My truth was devoid of the Love I never knew I needed—one of a Savior who stood in place of my sins so I could live, love, serve. The moment I realized my dysfunction, the reality of change became present. The change encapsulated one word: surrender.
Already clinically depressed, I was at the lowest point of my life. At the office one morning, I was desperate. I walked into the men's room, locked myself in and shut off the lights.
In the dark, I began to feel a calming presence swirling between the generic white walls and cold tile floor.
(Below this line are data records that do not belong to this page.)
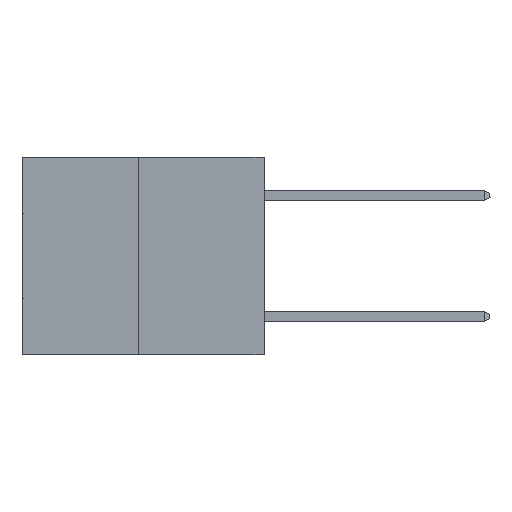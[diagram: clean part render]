
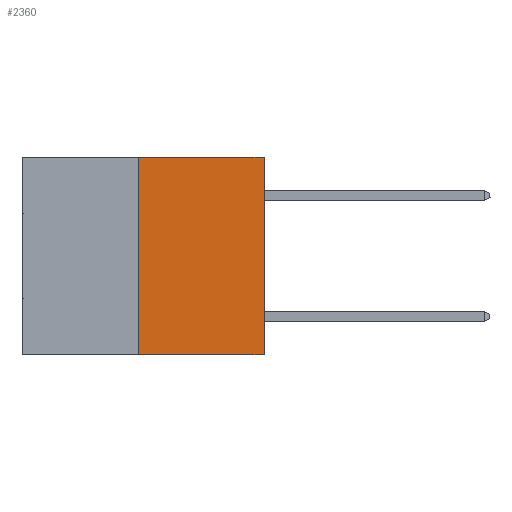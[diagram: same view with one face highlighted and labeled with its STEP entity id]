
A CAD part, left-side view. The second image highlights one B-rep face of the part: STEP entity #2360.
In plain terms, the highlighted planar face has unit normal (-1, 0, 0).
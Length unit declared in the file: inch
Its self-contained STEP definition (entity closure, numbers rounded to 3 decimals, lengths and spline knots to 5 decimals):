
#2114 = VECTOR ( 'NONE', #5121, 39.37008 ) ;
#2151 = VECTOR ( 'NONE', #23387, 39.37008 ) ;
#2360 = ADVANCED_FACE ( 'NONE', ( #7528 ), #10287, .F. ) ;
#2693 = CARTESIAN_POINT ( 'NONE',  ( 0., 0.6, 0. ) ) ;
#3398 = EDGE_CURVE ( 'NONE', #31956, #26471, #6638, .T. ) ;
#5121 = DIRECTION ( 'NONE',  ( 0., -1., 0. ) ) ;
#5239 = ORIENTED_EDGE ( 'NONE', *, *, #3398, .T. ) ;
#5639 = CARTESIAN_POINT ( 'NONE',  ( 0., 0., 0. ) ) ;
#6638 = LINE ( 'NONE', #23327, #2114 ) ;
#6936 = EDGE_LOOP ( 'NONE', ( #13280, #5239, #19355, #9048 ) ) ;
#6990 = VECTOR ( 'NONE', #32591, 39.37008 ) ;
#7388 = CARTESIAN_POINT ( 'NONE',  ( 0., 0.6, 0. ) ) ;
#7528 = FACE_OUTER_BOUND ( 'NONE', #6936, .T. ) ;
#7571 = CARTESIAN_POINT ( 'NONE',  ( 0., 0.312, 0. ) ) ;
#7613 = CARTESIAN_POINT ( 'NONE',  ( 0., 0.312, -0.49 ) ) ;
#9048 = ORIENTED_EDGE ( 'NONE', *, *, #34229, .F. ) ;
#9272 = VERTEX_POINT ( 'NONE', #7571 ) ;
#10287 = PLANE ( 'NONE',  #34317 ) ;
#10481 = VECTOR ( 'NONE', #29405, 39.37008 ) ;
#10741 = LINE ( 'NONE', #21936, #6990 ) ;
#12208 = EDGE_CURVE ( 'NONE', #26471, #19823, #10741, .T. ) ;
#13004 = DIRECTION ( 'NONE',  ( 0., 0., -1. ) ) ;
#13280 = ORIENTED_EDGE ( 'NONE', *, *, #16217, .F. ) ;
#15646 = DIRECTION ( 'NONE',  ( 1., 0., 0. ) ) ;
#15659 = CARTESIAN_POINT ( 'NONE',  ( 0., 0., -0.49 ) ) ;
#16217 = EDGE_CURVE ( 'NONE', #31956, #9272, #22554, .T. ) ;
#17433 = CARTESIAN_POINT ( 'NONE',  ( 0., 0.312, -0.49 ) ) ;
#17614 = LINE ( 'NONE', #2693, #10481 ) ;
#19355 = ORIENTED_EDGE ( 'NONE', *, *, #12208, .T. ) ;
#19823 = VERTEX_POINT ( 'NONE', #5639 ) ;
#21936 = CARTESIAN_POINT ( 'NONE',  ( 0., 0., 0. ) ) ;
#22554 = LINE ( 'NONE', #7613, #2151 ) ;
#23327 = CARTESIAN_POINT ( 'NONE',  ( 0., 0.6, -0.49 ) ) ;
#23387 = DIRECTION ( 'NONE',  ( 0., 0., 1. ) ) ;
#26471 = VERTEX_POINT ( 'NONE', #15659 ) ;
#29405 = DIRECTION ( 'NONE',  ( 0., -1., 0. ) ) ;
#31956 = VERTEX_POINT ( 'NONE', #17433 ) ;
#32591 = DIRECTION ( 'NONE',  ( 0., 0., 1. ) ) ;
#34229 = EDGE_CURVE ( 'NONE', #9272, #19823, #17614, .T. ) ;
#34317 = AXIS2_PLACEMENT_3D ( 'NONE', #7388, #15646, #13004 ) ;

In a symbolic gesture of a man who reached his lowest point, I, the brash, cocky, image-conscious, manipulative womanizer now found myself on bended knees using the toilet as my altar. I had reached the breaking point. I knelt over a place where people sit to expel their human waste. And now, in a way, I was doing the same—expelling the waste of a whole adulthood in one swift spiritual purging. I was about to be made clean by a force I never knew.
That if you confess with your mouth, "Jesus is Lord," and believe in your heart that God raised him from the dead, you will be saved. (Romans 10:9)
I hugged the porcelain john like a long lost friend, closed the lid, buried my head in my arms, and spoke these words of repentance:
"Lord, I can't do this any longer. I have nothing left. I don't know what to do. So I surrender my life to you. I need you more than ever. I don't know if you're there, but if you are, please come into my heart now Jesus. Take over and give me a new life. I give my life to You. Please come in. Please come in."
Immediately, I felt a presence I had never felt before flooding over me, comforting me, assuring me. I now released this body of flesh full of carnal lusts, hatreds, impulsiveness, sexual sins, shame, guilt and a myriad of other sinful patterns to Him.
I stood up, legs trembling from this amazing catharsis. With the most peaceful calm I have ever felt, I walked outside, took a deep breath and filled my lungs with purified air. I was set free.
I drove home from work having shed a mask that I wore for years—the one which kept me from making eye contact with the Redeemer who had just rescued me.